Using the records that follow, copy every line containing the word "kernel".

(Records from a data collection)
══════════

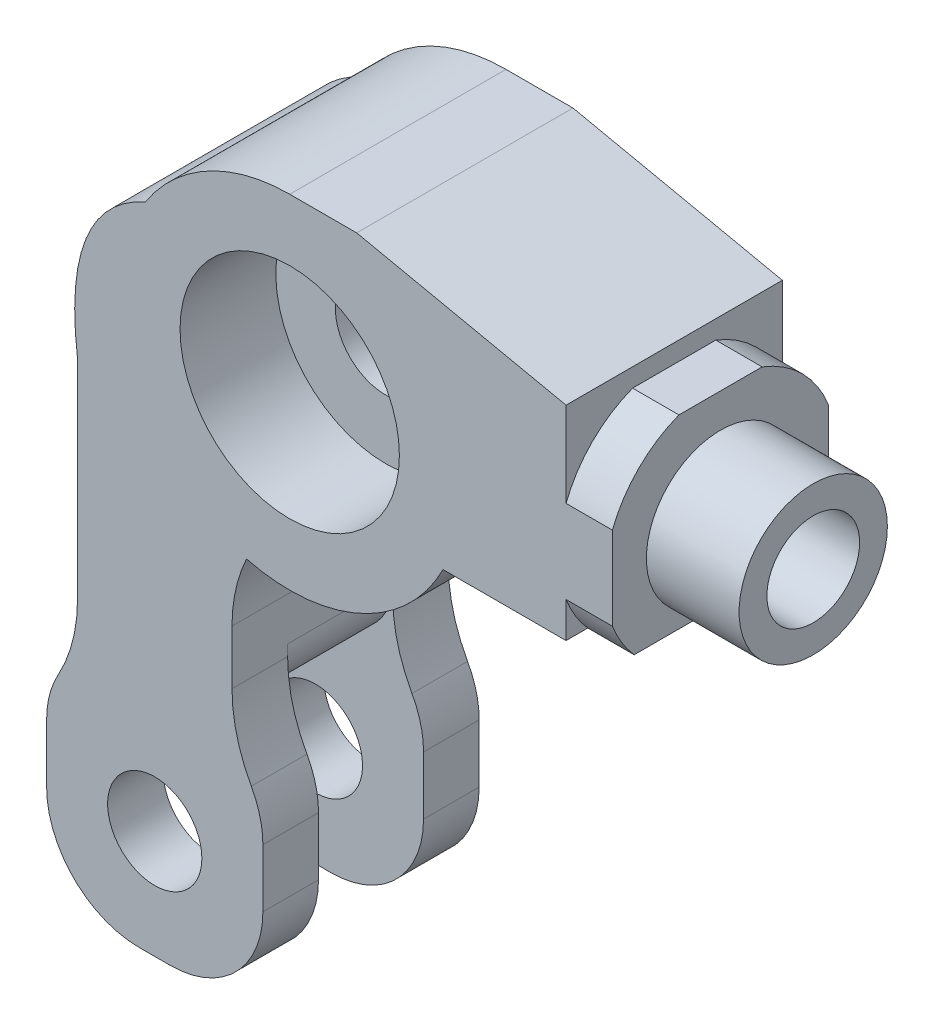
from build123d import *

# Parameters (mm, degrees)
SKETCH1_R           = 1.625
SKETCH1_R_2         = 1.525
BOSS_EXTRUDE1_DEPTH = 7
SKETCH2_R           = 1.5
CUT_EXTRUDE1_DEPTH  = 3
SKETCH3_W           = 10.588435917
SKETCH3_H           = 3.4
CUT_EXTRUDE2_DEPTH  = 6.11
FILLET1_R           = 5
BOSS_EXTRUDE2_DEPTH = 7
BOSS_EXTRUDE3_DEPTH = 1.8
BOSS_EXTRUDE4_START = -7
BOSS_EXTRUDE4_DEPTH = 1.8
FILLET4_R           = 5
FILLET5_R           = 3
FILLET6_R           = 2
CUT_EXTRUDE3_START  = -3
SKETCH8_W           = 5.7
SKETCH8_H           = 8.259283933
CUT_EXTRUDE3_DEPTH  = 2.6
FILLET7_R           = 0.7
SKETCH9_R           = 5.326360015
SKETCH9_R_2         = 3.75
CUT_EXTRUDE5_DEPTH  = 2.5
SKETCH10_R          = 4.869989517
SKETCH10_R_2        = 2.4
CUT_EXTRUDE6_DEPTH  = 1
BOSS_EXTRUDE5_START = 2
SKETCH11_R          = 2.4
SKETCH11_R_2        = 1.5
BOSS_EXTRUDE5_DEPTH = 2
CUT_EXTRUDE7_START  = -7
SKETCH12_R          = 3.575
CUT_EXTRUDE7_DEPTH  = 3.1
CUT_EXTRUDE8_START  = -3.1
SKETCH14_R          = 3.575
CUT_EXTRUDE8_DEPTH  = 3.1
SKETCH15_R          = 5.55
SKETCH15_R_2        = 3.55
BOSS_EXTRUDE6_DEPTH = 7
SKETCH16_R          = 1.407083064
BOSS_EXTRUDE7_DEPTH = 1
SKETCH17_R          = 1.5
CUT_EXTRUDE9_DEPTH  = 2.2
BOSS_EXTRUDE8_DEPTH = 7
CUT_EXTRUDE10_START = -3.1
SKETCH19_R          = 3.55
CUT_EXTRUDE10_DEPTH = 3.1


with BuildPart() as part:
    # Sketch1 → Boss-Extrude1 (new body)
    with BuildSketch(Plane.XY):
        Polygon((2.722541385, 17.747241978), (-15.590111015, 17.747241978), (-15.590111015, -1.762758022), (-10.590111015, -1.762758022), (-10.590111015, 9.80448846), (-10.590111015, 12.747241978), (2.722541385, 12.747241978), align=None)
        with Locations((-8.721930535, 15.237241978)):
            Circle(SKETCH1_R, mode=Mode.SUBTRACT)
        with Locations((-13.090111015, 0.749566092)):
            Circle(SKETCH1_R_2, mode=Mode.SUBTRACT)
    extrude(amount=BOSS_EXTRUDE1_DEPTH)

    # Sketch2 → Cut-Extrude1 (cut)
    with BuildSketch(Plane(origin=(2.722541385, 0, 0), x_dir=(0, 0, -1), z_dir=(1, 0, 0))):
        with Locations(Location((-3.5, 15.247241978, 0), (0, 0, 90))):
            Circle(SKETCH2_R)
    extrude(amount=-CUT_EXTRUDE1_DEPTH, mode=Mode.SUBTRACT)

    # Sketch3 → Cut-Extrude2 (cut)
    with BuildSketch(Plane.XZ.offset(1.762758022)):
        with Locations((-13.988004801, 3.5)):
            Rectangle(SKETCH3_W, SKETCH3_H)
    extrude(amount=-CUT_EXTRUDE2_DEPTH, mode=Mode.SUBTRACT)

    # Fillet1
    fillet1_edges = [part.edges().sort_by_distance(p)[0] for p in [
        (-10.590111015, 12.747241978, 3.5),
        (-15.590111015, 17.747241978, 3.5),
    ]]
    fillet(fillet1_edges, radius=FILLET1_R)

    # Sketch5 → Boss-Extrude2 (add)
    with BuildSketch(Plane.XY.offset(7)):
        with BuildLine():
            Line((2.722541385, 17.747241978), (-10.590111015, 17.747241978))
            Line((-10.590111015, 17.747241978), (-15.590111015, 12.747241978))
            add(Edge.make_bspline(
                [(-10.590111015, 18.747241978), (-16.362035667, 18.743656789), (-15.590111015, 12.747241978)],
                knots=[0, 0, 0, 1, 1, 1], degree=2))
            Line((-10.590111015, 18.747241978), (2.722541385, 18.747241978))
            Line((2.722541385, 18.747241978), (2.722541385, 17.747241978))
        make_face()
    extrude(amount=-BOSS_EXTRUDE2_DEPTH)

    # Sketch7 → Boss-Extrude3 (add)
    with BuildSketch(Plane.XY.offset(7)):
        Polygon((-10.590111015, -1.762758022), (-10.590111015, 2.992241978), (-9.590111015, 2.992241978), (-9.590111015, -1.762758022), (-9.590111015, -2.762758022), (-16.590111015, -2.762758022), (-16.590111015, -1.762758022), (-16.590111015, 2.992241978), (-15.590111015, 2.992241978), (-15.590111015, -1.762758022), align=None)
    extrude(amount=-BOSS_EXTRUDE3_DEPTH)

    # Sketch7<2> → Boss-Extrude4 (add)
    with BuildSketch(Plane.XY.offset(7).offset(BOSS_EXTRUDE4_START)):
        Polygon((-10.590111015, -1.762758022), (-10.590111015, 2.992241978), (-9.590111015, 2.992241978), (-9.590111015, -1.762758022), (-9.590111015, -2.762758022), (-16.590111015, -2.762758022), (-16.590111015, -1.762758022), (-16.590111015, 2.992241978), (-15.590111015, 2.992241978), (-15.590111015, -1.762758022), align=None)
    extrude(amount=BOSS_EXTRUDE4_DEPTH)

    # Fillet4
    # the kernel refuses this fillet: 5 mm, written as the material it adds along each edge
    with BuildSketch(Plane(origin=(-15.590111015, 2.992241978, 0), x_dir=(0, 1, 0), z_dir=(0, 0, 1))) as fillet4_piece_1_section:
        with BuildLine():
            CenterArc((3, 5), FILLET4_R, 233.130102354, 36.869897646)
            Line((0, 1), (-0.06, 0.92))
            ThreePointArc((-0.06, 0.92), (-0.1, 0.5), (-0.1, 0))
            Line((-0.1, 0), (0, -0.1))
            Line((0, -0.1), (3, -0.1))
            Line((3, -0.1), (3, 0))
        make_face()
    fillet4_piece_1 = extrude(amount=1.8, mode=Mode.PRIVATE)
    fillet4_piece_1 = split(fillet4_piece_1, bisect_by=Plane(origin=(-15.603784391, 4.347241978, 0.9), z_dir=(0, 1, 0)), keep=Keep.TOP, mode=Mode.PRIVATE)
    add(fillet4_piece_1)
    with BuildSketch(Plane(origin=(-15.590111015, 2.992241978, 0), x_dir=(0, 1, 0), z_dir=(0, 0, 1))) as fillet4_piece_2_section:
        with BuildLine():
            CenterArc((3, 5), FILLET4_R, 233.130102354, 36.869897646)
            Line((0, 1), (-0.06, 0.92))
            ThreePointArc((-0.06, 0.92), (-0.1, 0.5), (-0.1, 0))
            Line((-0.1, 0), (0, -0.1))
            Line((0, -0.1), (3, -0.1))
            Line((3, -0.1), (3, 0))
        make_face()
    fillet4_piece_2 = extrude(amount=1.8, mode=Mode.PRIVATE)
    fillet4_piece_2 = split(fillet4_piece_2, bisect_by=Plane(origin=(-15.881039753, 4.347241978, 0.9), z_dir=(0, -1, 0)), keep=Keep.TOP, mode=Mode.PRIVATE)
    add(fillet4_piece_2)
    with BuildSketch(Plane(origin=(-15.590111015, 2.992241978, 0), x_dir=(0, 1, 0), z_dir=(0, 0, 1))) as fillet4_piece_3_section:
        with BuildLine():
            CenterArc((3, 5), FILLET4_R, 233.130102354, 36.869897646)
            Line((0, 1), (-0.06, 0.92))
            ThreePointArc((-0.06, 0.92), (-0.1, 0.5), (-0.1, 0))
            Line((-0.1, 0), (0, -0.1))
            Line((0, -0.1), (3, -0.1))
            Line((3, -0.1), (3, 0))
        make_face()
    fillet4_piece_3 = extrude(amount=9.3, mode=Mode.PRIVATE)
    fillet4_piece_3 = split(fillet4_piece_3, bisect_by=Plane(origin=(-15.603784391, 4.971879793, 1.8), z_dir=(0, 0, 1)), keep=Keep.TOP, mode=Mode.PRIVATE)
    fillet4_piece_3 = split(fillet4_piece_3, bisect_by=Plane(origin=(-15.603784391, 4.347241978, 3.5), z_dir=(0, 1, 0)), keep=Keep.TOP, mode=Mode.PRIVATE)
    fillet4_piece_3 = split(fillet4_piece_3, bisect_by=Plane(origin=(-15.603784391, 4.971879793, 5.2), z_dir=(0, 0, -1)), keep=Keep.TOP, mode=Mode.PRIVATE)
    add(fillet4_piece_3)
    with BuildSketch(Plane(origin=(-15.590111015, 2.992241978, 0), x_dir=(0, 1, 0), z_dir=(0, 0, 1))) as fillet4_piece_4_section:
        with BuildLine():
            CenterArc((3, 5), FILLET4_R, 233.130102354, 36.869897646)
            Line((0, 1), (-0.06, 0.92))
            ThreePointArc((-0.06, 0.92), (-0.1, 0.5), (-0.1, 0))
            Line((-0.1, 0), (0, -0.1))
            Line((0, -0.1), (3, -0.1))
            Line((3, -0.1), (3, 0))
        make_face()
    fillet4_piece_4 = extrude(amount=9.3, mode=Mode.PRIVATE)
    fillet4_piece_4 = split(fillet4_piece_4, bisect_by=Plane(origin=(-15.603784391, 4.347241978, 6.1), z_dir=(0, 1, 0)), keep=Keep.TOP, mode=Mode.PRIVATE)
    fillet4_piece_4 = split(fillet4_piece_4, bisect_by=Plane(origin=(-15.603784391, 4.971879793, 5.2), z_dir=(0, 0, 1)), keep=Keep.TOP, mode=Mode.PRIVATE)
    fillet4_piece_4 = split(fillet4_piece_4, bisect_by=Plane(origin=(-15.603784391, 4.971879793, 7), z_dir=(0, 0, -1)), keep=Keep.TOP, mode=Mode.PRIVATE)
    add(fillet4_piece_4)
    with BuildSketch(Plane(origin=(-15.590111015, 2.992241978, 0), x_dir=(0, 1, 0), z_dir=(0, 0, 1))) as fillet4_piece_5_section:
        with BuildLine():
            CenterArc((3, 5), FILLET4_R, 233.130102354, 36.869897646)
            Line((0, 1), (-0.06, 0.92))
            ThreePointArc((-0.06, 0.92), (-0.1, 0.5), (-0.1, 0))
            Line((-0.1, 0), (0, -0.1))
            Line((0, -0.1), (3, -0.1))
            Line((3, -0.1), (3, 0))
        make_face()
    fillet4_piece_5 = extrude(amount=9.3, mode=Mode.PRIVATE)
    fillet4_piece_5 = split(fillet4_piece_5, bisect_by=Plane(origin=(-15.881039753, 4.347241978, 6.1), z_dir=(0, -1, 0)), keep=Keep.TOP, mode=Mode.PRIVATE)
    fillet4_piece_5 = split(fillet4_piece_5, bisect_by=Plane(origin=(-15.881039753, 3.497683508, 5.2), z_dir=(0, 0, 1)), keep=Keep.TOP, mode=Mode.PRIVATE)
    fillet4_piece_5 = split(fillet4_piece_5, bisect_by=Plane(origin=(-15.881039753, 3.497683508, 7), z_dir=(0, 0, -1)), keep=Keep.TOP, mode=Mode.PRIVATE)
    add(fillet4_piece_5)
    with BuildSketch(Plane(origin=(-10.590111015, 2.992241978, 0), x_dir=(0, 1, 0), z_dir=(0, 0, 1))) as fillet4_piece_6_section:
        with BuildLine():
            CenterArc((3, -5), FILLET4_R, 90, 36.869897646)
            Line((0, -1), (-0.06, -0.92))
            ThreePointArc((-0.06, -0.92), (-0.1, -0.5), (-0.1, 0))
            Line((-0.1, 0), (0, 0.1))
            Line((0, 0.1), (3, 0.1))
            Line((3, 0.1), (3, 0))
        make_face()
    fillet4_piece_6 = extrude(amount=1.8, mode=Mode.PRIVATE)
    fillet4_piece_6 = split(fillet4_piece_6, bisect_by=Plane(origin=(-10.576437639, 4.347241978, 0.9), z_dir=(0, 1, 0)), keep=Keep.TOP, mode=Mode.PRIVATE)
    add(fillet4_piece_6)
    with BuildSketch(Plane(origin=(-10.590111015, 2.992241978, 0), x_dir=(0, 1, 0), z_dir=(0, 0, 1))) as fillet4_piece_7_section:
        with BuildLine():
            CenterArc((3, -5), FILLET4_R, 90, 36.869897646)
            Line((0, -1), (-0.06, -0.92))
            ThreePointArc((-0.06, -0.92), (-0.1, -0.5), (-0.1, 0))
            Line((-0.1, 0), (0, 0.1))
            Line((0, 0.1), (3, 0.1))
            Line((3, 0.1), (3, 0))
        make_face()
    fillet4_piece_7 = extrude(amount=1.8, mode=Mode.PRIVATE)
    fillet4_piece_7 = split(fillet4_piece_7, bisect_by=Plane(origin=(-10.299182277, 4.347241978, 0.9), z_dir=(0, -1, 0)), keep=Keep.TOP, mode=Mode.PRIVATE)
    add(fillet4_piece_7)
    with BuildSketch(Plane(origin=(-10.590111015, 2.992241978, 0), x_dir=(0, 1, 0), z_dir=(0, 0, 1))) as fillet4_piece_8_section:
        with BuildLine():
            CenterArc((3, -5), FILLET4_R, 90, 36.869897646)
            Line((0, -1), (-0.06, -0.92))
            ThreePointArc((-0.06, -0.92), (-0.1, -0.5), (-0.1, 0))
            Line((-0.1, 0), (0, 0.1))
            Line((0, 0.1), (3, 0.1))
            Line((3, 0.1), (3, 0))
        make_face()
    fillet4_piece_8 = extrude(amount=9.3, mode=Mode.PRIVATE)
    fillet4_piece_8 = split(fillet4_piece_8, bisect_by=Plane(origin=(-10.576437639, 4.971879793, 5.2), z_dir=(0, 0, -1)), keep=Keep.TOP, mode=Mode.PRIVATE)
    fillet4_piece_8 = split(fillet4_piece_8, bisect_by=Plane(origin=(-10.576437639, 4.347241978, 3.5), z_dir=(0, 1, 0)), keep=Keep.TOP, mode=Mode.PRIVATE)
    fillet4_piece_8 = split(fillet4_piece_8, bisect_by=Plane(origin=(-10.576437639, 4.971879793, 1.8), z_dir=(0, 0, 1)), keep=Keep.TOP, mode=Mode.PRIVATE)
    add(fillet4_piece_8)
    with BuildSketch(Plane(origin=(-10.590111015, 2.992241978, 0), x_dir=(0, 1, 0), z_dir=(0, 0, 1))) as fillet4_piece_9_section:
        with BuildLine():
            CenterArc((3, -5), FILLET4_R, 90, 36.869897646)
            Line((0, -1), (-0.06, -0.92))
            ThreePointArc((-0.06, -0.92), (-0.1, -0.5), (-0.1, 0))
            Line((-0.1, 0), (0, 0.1))
            Line((0, 0.1), (3, 0.1))
            Line((3, 0.1), (3, 0))
        make_face()
    fillet4_piece_9 = extrude(amount=9.3, mode=Mode.PRIVATE)
    fillet4_piece_9 = split(fillet4_piece_9, bisect_by=Plane(origin=(-10.576437639, 4.971879793, 7), z_dir=(0, 0, -1)), keep=Keep.TOP, mode=Mode.PRIVATE)
    fillet4_piece_9 = split(fillet4_piece_9, bisect_by=Plane(origin=(-10.576437639, 4.971879793, 5.2), z_dir=(0, 0, 1)), keep=Keep.TOP, mode=Mode.PRIVATE)
    fillet4_piece_9 = split(fillet4_piece_9, bisect_by=Plane(origin=(-10.576437639, 4.347241978, 6.1), z_dir=(0, 1, 0)), keep=Keep.TOP, mode=Mode.PRIVATE)
    add(fillet4_piece_9)
    with BuildSketch(Plane(origin=(-10.590111015, 2.992241978, 0), x_dir=(0, 1, 0), z_dir=(0, 0, 1))) as fillet4_piece_10_section:
        with BuildLine():
            CenterArc((3, -5), FILLET4_R, 90, 36.869897646)
            Line((0, -1), (-0.06, -0.92))
            ThreePointArc((-0.06, -0.92), (-0.1, -0.5), (-0.1, 0))
            Line((-0.1, 0), (0, 0.1))
            Line((0, 0.1), (3, 0.1))
            Line((3, 0.1), (3, 0))
        make_face()
    fillet4_piece_10 = extrude(amount=9.3, mode=Mode.PRIVATE)
    fillet4_piece_10 = split(fillet4_piece_10, bisect_by=Plane(origin=(-10.299182277, 3.497683508, 7), z_dir=(0, 0, -1)), keep=Keep.TOP, mode=Mode.PRIVATE)
    fillet4_piece_10 = split(fillet4_piece_10, bisect_by=Plane(origin=(-10.299182277, 3.497683508, 5.2), z_dir=(0, 0, 1)), keep=Keep.TOP, mode=Mode.PRIVATE)
    fillet4_piece_10 = split(fillet4_piece_10, bisect_by=Plane(origin=(-10.299182277, 4.347241978, 6.1), z_dir=(0, -1, 0)), keep=Keep.TOP, mode=Mode.PRIVATE)
    add(fillet4_piece_10)

    # Fillet5
    fillet5_edges = [part.edges().sort_by_distance(p)[0] for p in [
        (-9.590111015, 2.992241978, 6.1),
        (-9.590111015, -2.762758022, 6.1),
        (-16.590111015, -2.762758022, 6.1),
        (-16.590111015, 2.992241978, 6.1),
        (-9.590111015, 2.992241978, 0.9),
        (-9.590111015, -2.762758022, 0.9),
        (-16.590111015, -2.762758022, 0.9),
        (-16.590111015, 2.992241978, 0.9),
    ]]
    fillet(fillet5_edges, radius=FILLET5_R)

    # Fillet6
    # the kernel refuses this fillet: 2 mm, written as the material it takes off along each edge
    with BuildSketch(Plane(origin=(-15.868461409, 4.347241978, 1.8), x_dir=(1, 0, 0), z_dir=(0, 0, 1))) as fillet6_piece_1:
        with BuildLine():
            CenterArc((2.278350394, 2), FILLET6_R, 180, 90)
            Line((0.278350394, 2), (0.078350394, 2))
            ThreePointArc((0.078350394, 2), (0.078350394, 1.645), (-0.188865984, 0.0658))
            Line((-0.188865984, 0.0658), (0, -0.2))
            Line((0, -0.2), (2.278350394, -0.2))
            Line((2.278350394, -0.2), (2.278350394, 0))
        make_face()
    extrude(amount=3.4, mode=Mode.SUBTRACT)
    with BuildSketch(Plane(origin=(-10.311760621, 4.347241978, 5.2), x_dir=(-0.13784657416957666, 0.9904535940616861, 0), z_dir=(0, 0, -1))) as fillet6_piece_2:
        with BuildLine():
            CenterArc((2.294969985, -1.980907188), FILLET6_R, 97.923255875, 90)
            Line((0.314062797, -2.256600336), (0.115972078, -2.284169651))
            Line((0.115972078, -2.284169651), (-0.198090719, -0.027569315))
            Line((-0.198090719, -0.027569315), (0.039137318, 0.196133297))
            ThreePointArc((0.039137318, 0.196133297), (1.640096496, 0.149155185), (1.991707522, 0.198090719))
            Line((1.991707522, 0.198090719), (2.019276836, 0))
        make_face()
    extrude(amount=3.4, mode=Mode.SUBTRACT)

    # Sketch8 → Cut-Extrude3 (cut)
    with BuildSketch(Plane(origin=(2.722541385, 0, 0), x_dir=(0, 0, -1), z_dir=(1, 0, 0)).offset(CUT_EXTRUDE3_START)):
        with Locations((-3.5, 15.247241978)):
            Rectangle(SKETCH8_W, SKETCH8_H)
    extrude(amount=-CUT_EXTRUDE3_DEPTH, mode=Mode.SUBTRACT)

    # Fillet7
    # the kernel refuses this fillet: 0.7 mm, written as the material it takes off along each edge
    with BuildSketch(Plane(origin=(-0.277458615, 12.747241978, 0.65), x_dir=(0, 0, -1), z_dir=(-1, 0, 0)), Plane(origin=(-2.877458615, 12.747241978, 6.35), x_dir=(0, 0, 1), z_dir=(1, 0, 0))) as fillet7_piece_1:
        with BuildLine():
            CenterArc((FILLET7_R, -FILLET7_R), FILLET7_R, 90, 90)
            Line((0, -FILLET7_R), (0, 0))
            Line((0, 0), (FILLET7_R, 0))
        make_face()
    extrude(amount=2.6, mode=Mode.SUBTRACT)

    # Sketch9 → Cut-Extrude5 (cut)
    with BuildSketch(Plane(origin=(2.722541385, 0, 0), x_dir=(0, 0, -1), z_dir=(1, 0, 0))):
        with Locations((-3.5, 15.247241978)):
            Circle(SKETCH9_R)
        with Locations((-3.5, 15.247241978)):
            Circle(SKETCH9_R_2, mode=Mode.SUBTRACT)
    extrude(amount=-CUT_EXTRUDE5_DEPTH, mode=Mode.SUBTRACT)

    # Sketch10 → Cut-Extrude6 (cut)
    with BuildSketch(Plane(origin=(2.722541385, 0, 0), x_dir=(0, 0, -1), z_dir=(1, 0, 0))):
        with Locations((-3.5, 15.247241978)):
            Circle(SKETCH10_R)
        with Locations((-3.5, 15.247241978)):
            Circle(SKETCH10_R_2, mode=Mode.SUBTRACT)
    extrude(amount=-CUT_EXTRUDE6_DEPTH, mode=Mode.SUBTRACT)

    # Sketch11 → Boss-Extrude5 (add)
    with BuildSketch(Plane(origin=(2.722541385, 0, 0), x_dir=(0, 0, -1), z_dir=(1, 0, 0)).offset(BOSS_EXTRUDE5_START)):
        with Locations((-3.5, 15.247241978)):
            Circle(SKETCH11_R)
        with Locations(Location((-3.5, 15.247241978, 0), (0, 0, 90))):
            Circle(SKETCH11_R_2, mode=Mode.SUBTRACT)
    extrude(amount=-BOSS_EXTRUDE5_DEPTH)

    # Sketch12 → Cut-Extrude7 (cut)
    with BuildSketch(Plane.XY.offset(7).offset(CUT_EXTRUDE7_START)):
        with Locations((-8.721930535, 15.237241978)):
            Circle(SKETCH12_R)
    extrude(amount=CUT_EXTRUDE7_DEPTH, mode=Mode.SUBTRACT)

    # Sketch14 → Cut-Extrude8 (cut)
    with BuildSketch(Plane.XY.offset(7).offset(CUT_EXTRUDE8_START)):
        with Locations((-8.721930535, 15.237241978)):
            Circle(SKETCH14_R)
    extrude(amount=CUT_EXTRUDE8_DEPTH, mode=Mode.SUBTRACT)

    # Sketch15 → Boss-Extrude6 (add)
    with BuildSketch(Plane.XY.offset(7)):
        with Locations((-8.721930535, 15.237241978)):
            Circle(SKETCH15_R)
        with Locations((-8.721930535, 15.237241978)):
            Circle(SKETCH15_R_2, mode=Mode.SUBTRACT)
    extrude(amount=-BOSS_EXTRUDE6_DEPTH)

    # Sketch16 → Boss-Extrude7 (add)
    with BuildSketch(Plane.XY.offset(3.9)):
        with Locations((-7.473849804, 12.118973855)):
            Circle(SKETCH16_R)
    extrude(amount=-BOSS_EXTRUDE7_DEPTH)

    # Sketch17 → Cut-Extrude9 (cut)
    with BuildSketch(Plane(origin=(-2.877458615, 0, 0), x_dir=(0, 0, -1), z_dir=(1, 0, 0))):
        with Locations(Location((-3.5, 15.247241978, 0), (0, 0, 90))):
            Circle(SKETCH17_R)
    extrude(amount=-CUT_EXTRUDE9_DEPTH, mode=Mode.SUBTRACT)

    # Sketch18 → Boss-Extrude8 (add)
    with BuildSketch(Plane.XY.offset(7)):
        Polygon((-4.697631712, 18.747241978), (0.222541385, 18.747241978), (0.222541385, 19.347241978), (-6.555314255, 20.787241978), (-8.721930535, 20.787241978), align=None)
    extrude(amount=-BOSS_EXTRUDE8_DEPTH)

    # Sketch19 → Cut-Extrude10 (cut)
    with BuildSketch(Plane(origin=(0, 0, 0), x_dir=(-1, 0, 0), z_dir=(0, 0, -1)).offset(CUT_EXTRUDE10_START)):
        with Locations(Location((8.721930535, 15.237241978, 0), (0, 0, 180))):
            Circle(SKETCH19_R)
    extrude(amount=CUT_EXTRUDE10_DEPTH, mode=Mode.SUBTRACT)


solid = part.part

══════════

_EXERCISE RESULT_
    # the kernel refuses this fillet: 5 mm, written as the material it adds along each edge
    # the kernel refuses this fillet: 2 mm, written as the material it takes off along each edge
    # the kernel refuses this fillet: 0.7 mm, written as the material it takes off along each edge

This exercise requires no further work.